* Instructions to follow
Search for the word "centre" in the entries. Each line that holds it should be copied.

* Material for this exercise
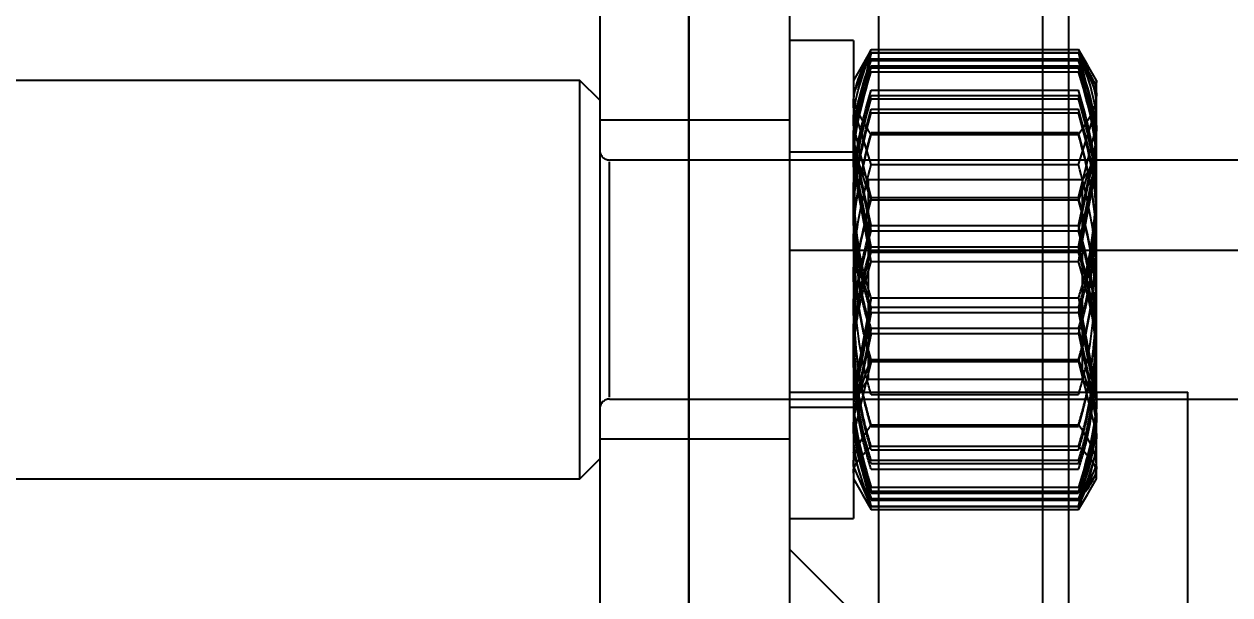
# Model space of a CAD drawing. Header units: metres. Extents: x 0 to 21025, y 0 to 14850.
# Drawn here: x 8867.71 to 8897.96, y 13211.04 to 13225.36 of the extents above; entities that cross this region are included whole.
import ezdxf

# ---------------------------------------------------------------- set-up
doc = ezdxf.new("R2010")
doc.units = ezdxf.units.M
doc.header["$LTSCALE"] = 25
doc.linetypes.add('HIDDEN2', pattern=[4.7625, 3.175, -1.5875])
for name, color, linetype in [('18_COTAS', 7, 'Continuous'), ('SL4', 4, 'Continuous'), ('ST1', 7, 'HIDDEN2')]:
    doc.layers.add(name, color=color, linetype=linetype)
doc.styles.add('ROMANS', font='ROMANS.SHX')
doc.dimstyles.new('25___1-25', dxfattribs={"dimscale": 25, "dimtxt": 2.5, "dimasz": 2, "dimexe": 1.5, "dimexo": 1, "dimgap": 0.5, "dimtad": 1, "dimzin": 12, "dimtxsty": 'ROMANS', "dimcen": 0, "dimclrd": 256, "dimclre": 256, "dimclrt": 3, "dimazin": 3, "dimtfac": 1, "dimtmove": 0, "dimatfit": 0, "dimfxl": 1, "dimlwd": -1, "dimlwe": -1, "dimarcsym": 0})

# ---------------------------------------------------------------- blocks, each defined once
blk = doc.blocks.new('*D14')
at = {"layer": '18_COTAS', "transparency": 16777216}
for p, q in [((8767.149, 13416.484), (9534.934, 13416.484)), ((9497.434, 11742.681), (9497.434, 13366.484)), ((8955.399, 11692.681), (9534.934, 11692.681))]:
    blk.add_line(p, q, dxfattribs=at)
for points in [[(9489.1, 13366.484), (9505.767, 13366.484), (9497.434, 13416.484)], [(9489.1, 11742.681), (9505.767, 11742.681), (9497.434, 11692.681)]]:
    blk.add_solid(points, dxfattribs=at)
at = {"layer": 'Defpoints', "color": 0, "transparency": 16777216}
for p in [(8742.149, 13416.484), (9497.434, 13416.484), (8930.399, 11692.681)]:
    blk.add_point(p, dxfattribs=at)
at = {"layer": '18_COTAS', "color": 3, "transparency": 16777216, "insert": (9447.731, 12554.582), "char_height": 62.5, "attachment_point": 5, "rotation": 90, "style": 'ROMANS'}
blk.add_mtext('1723,8', dxfattribs=at)

msp = doc.modelspace()

# ---------------------------------------------------------------- linework, layer by layer
at = {"layer": 'SL4'}
for p, q in [((8884.386, 13042.681), (8884.386, 13286.681)), ((8893.911, 13286.681), (8893.911, 13042.681))]:
    msp.add_line(p, q, dxfattribs=at)
at = {"layer": 'ST1'}
for p, q in [((8884.386, 13286.681), (8884.386, 13042.681)), ((8889.149, 13286.681), (8889.149, 13042.681)), ((8882.151, 13277.156), (8882.151, 13055.444)), ((8886.914, 13277.156), (8886.914, 13055.444)), ((8893.264, 13234.931), (8893.264, 13134.431)), ((8888.514, 13224.951), (8886.914, 13224.951)), ((8888.514, 13224.951), (8888.514, 13212.951)), ((8888.96, 13224.725), (8888.74, 13224.344)), ((8888.96, 13224.725), (8894.167, 13224.725)), ((8894.387, 13224.344), (8894.167, 13224.725)), ((8888.96, 13224.652), (8888.514, 13223.623)), ((8888.96, 13224.642), (8888.514, 13222.798)), ((8888.96, 13224.652), (8894.167, 13224.652)), ((8888.96, 13224.642), (8894.167, 13224.642)), ((8888.96, 13224.489), (8894.167, 13224.489)), ((8888.96, 13224.449), (8894.167, 13224.449)), ((8894.167, 13224.652), (8894.614, 13223.623)), ((8894.167, 13224.642), (8894.614, 13222.798)), ((8888.74, 13224.344), (8888.514, 13223.951)), ((8888.96, 13224.312), (8894.167, 13224.312)), ((8888.96, 13224.261), (8894.167, 13224.261)), ((8888.96, 13224.164), (8894.167, 13224.164)), ((8894.614, 13223.951), (8894.387, 13224.344)), ((8881.649, 13223.951), (8867.399, 13223.951)), ((8881.649, 13213.951), (8881.649, 13223.951)), ((8882.149, 13223.451), (8881.649, 13223.951)), ((8894.427, 13224.094), (8894.614, 13223.812)), ((8894.446, 13224.067), (8894.614, 13223.838)), ((8894.614, 13223.951), (8894.614, 13223.936)), ((8894.614, 13223.951), (8894.614, 13223.9)), ((8894.614, 13222.83), (8894.614, 13223.951)), ((8888.96, 13223.707), (8894.167, 13223.707)), ((8888.96, 13223.57), (8894.167, 13223.57)), ((8882.149, 13223.451), (8882.149, 13214.451)), ((8888.96, 13221.838), (8888.514, 13223.281)), ((8888.96, 13223.488), (8894.167, 13223.488)), ((8888.96, 13223.226), (8894.167, 13223.226)), ((8894.167, 13221.838), (8894.614, 13223.281)), ((8886.914, 13222.951), (8882.151, 13222.951)), ((8888.96, 13223.135), (8894.167, 13223.135)), ((8888.96, 13221.009), (8888.514, 13222.83)), ((8888.96, 13222.639), (8894.167, 13222.639)), ((8888.96, 13222.594), (8894.167, 13222.594)), ((8894.167, 13221.009), (8894.614, 13222.83)), ((8894.614, 13218.158), (8894.614, 13222.83)), ((8888.96, 13220.305), (8888.514, 13222.397)), ((8888.96, 13220.175), (8888.514, 13222.312)), ((8894.167, 13220.305), (8894.614, 13222.397)), ((8894.167, 13220.175), (8894.614, 13222.312)), ((8888.514, 13222.151), (8886.914, 13222.151)), ((8888.96, 13219.776), (8888.514, 13222.044)), ((8894.167, 13219.776), (8894.614, 13222.044)), ((8901.649, 13221.951), (8882.399, 13221.951)), ((8882.399, 13215.997), (8882.399, 13221.906)), ((8888.96, 13219.642), (8888.514, 13221.951)), ((8888.539, 13221.951), (8888.514, 13221.951)), ((8888.96, 13219.408), (8888.514, 13221.786)), ((8888.539, 13221.951), (8888.539, 13215.951)), ((8888.889, 13221.451), (8888.539, 13221.951)), ((8888.96, 13221.838), (8894.167, 13221.838)), ((8894.167, 13219.642), (8894.614, 13221.951)), ((8894.167, 13219.408), (8894.614, 13221.786)), ((8894.614, 13221.951), (8894.263, 13221.451)), ((8888.889, 13221.451), (8888.889, 13218.555)), ((8894.263, 13221.451), (8888.889, 13221.451)), ((8894.263, 13216.451), (8894.263, 13221.451)), ((8888.96, 13221.009), (8894.167, 13221.009)), ((8888.96, 13220.954), (8894.167, 13220.954)), ((8888.96, 13220.305), (8894.167, 13220.305)), ((8888.96, 13220.175), (8894.167, 13220.175)), ((8915.514, 13219.681), (8886.914, 13219.681)), ((8888.96, 13219.776), (8894.167, 13219.776)), ((8888.96, 13219.642), (8894.167, 13219.642)), ((8888.96, 13219.408), (8894.167, 13219.408)), ((8888.96, 13218.495), (8888.514, 13216.117)), ((8888.889, 13218.555), (8888.889, 13216.451)), ((8888.96, 13218.495), (8894.167, 13218.495)), ((8894.167, 13218.495), (8894.614, 13216.117)), ((8888.96, 13218.261), (8888.514, 13215.951)), ((8888.96, 13218.126), (8888.514, 13215.858)), ((8888.96, 13218.261), (8894.167, 13218.261)), ((8888.96, 13218.126), (8894.167, 13218.126)), ((8894.167, 13218.261), (8894.614, 13215.951)), ((8894.167, 13218.126), (8894.614, 13215.858)), ((8894.614, 13214.279), (8894.614, 13218.158)), ((8888.96, 13217.728), (8888.514, 13215.59)), ((8888.96, 13217.597), (8888.514, 13215.506)), ((8888.96, 13217.728), (8894.167, 13217.728)), ((8888.96, 13217.597), (8894.167, 13217.597)), ((8894.167, 13217.728), (8894.614, 13215.59)), ((8894.167, 13217.597), (8894.614, 13215.506)), ((8888.96, 13216.894), (8888.514, 13215.072)), ((8888.96, 13216.948), (8894.167, 13216.948)), ((8888.96, 13216.894), (8894.167, 13216.894)), ((8894.167, 13216.894), (8894.614, 13215.072)), ((8888.539, 13215.951), (8888.889, 13216.451)), ((8888.889, 13216.451), (8894.263, 13216.451)), ((8894.263, 13216.451), (8894.614, 13215.951)), ((8882.399, 13215.951), (8901.649, 13215.951)), ((8886.914, 13216.122), (8896.904, 13216.122)), ((8888.514, 13215.951), (8888.539, 13215.951)), ((8888.96, 13216.064), (8894.167, 13216.064)), ((8896.904, 13197.931), (8896.904, 13216.122)), ((8886.914, 13215.751), (8888.514, 13215.751)), ((8888.96, 13213.26), (8888.514, 13215.104)), ((8888.96, 13215.308), (8894.167, 13215.308)), ((8888.96, 13215.263), (8894.167, 13215.263)), ((8894.167, 13213.26), (8894.614, 13215.104)), ((8882.151, 13214.951), (8886.914, 13214.951)), ((8888.96, 13214.768), (8894.167, 13214.768)), ((8881.649, 13213.951), (8882.149, 13214.451)), ((8888.96, 13213.178), (8888.514, 13214.621)), ((8888.96, 13214.677), (8894.167, 13214.677)), ((8894.167, 13213.178), (8894.614, 13214.621)), ((8888.96, 13213.251), (8888.514, 13214.279)), ((8888.96, 13214.415), (8894.167, 13214.415)), ((8888.96, 13214.332), (8894.167, 13214.332)), ((8888.96, 13214.195), (8894.167, 13214.195)), ((8894.167, 13213.251), (8894.614, 13214.279)), ((8894.614, 13213.951), (8894.614, 13214.279)), ((8867.399, 13213.951), (8881.649, 13213.951)), ((8888.514, 13213.951), (8888.74, 13213.559)), ((8894.387, 13213.559), (8894.614, 13213.951)), ((8894.427, 13213.808), (8894.614, 13214.091)), ((8894.446, 13213.836), (8894.614, 13214.065)), ((8894.614, 13213.951), (8894.614, 13214.002)), ((8894.614, 13213.951), (8894.614, 13213.967)), ((8888.74, 13213.559), (8888.96, 13213.178)), ((8888.96, 13213.739), (8894.167, 13213.739)), ((8888.96, 13213.642), (8894.167, 13213.642)), ((8888.96, 13213.59), (8894.167, 13213.59)), ((8894.167, 13213.178), (8894.387, 13213.559)), ((8888.96, 13213.453), (8894.167, 13213.453)), ((8888.96, 13213.414), (8894.167, 13213.414)), ((8888.96, 13213.26), (8894.167, 13213.26)), ((8888.96, 13213.251), (8894.167, 13213.251)), ((8886.914, 13212.951), (8888.514, 13212.951)), ((8888.96, 13213.178), (8894.167, 13213.178)), ((8888.414, 13210.681), (8886.914, 13212.181))]:
    msp.add_line(p, q, dxfattribs=at)
for centre, start, end in [((8882.399, 13222.201), 180, 270), ((8882.399, 13215.701), 90, 180)]:
    msp.add_arc(centre, 0.25, start, end, dxfattribs=at)
for points, knots in [([(8888.514, 13223.281), (8888.514, 13223.316), (8888.52, 13223.803), (8888.748, 13224.281), (8888.96, 13224.725)], [0, 0, 0, 0, 0.070201, 1, 1, 1, 1]), ([(8894.614, 13223.281), (8894.613, 13223.316), (8894.607, 13223.803), (8894.379, 13224.281), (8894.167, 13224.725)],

* Exercise result
for centre, start, end in [((8882.399, 13222.201), 180, 270), ((8882.399, 13215.701), 90, 180)]:
    msp.add_arc(centre, 0.25, start, end, dxfattribs=at)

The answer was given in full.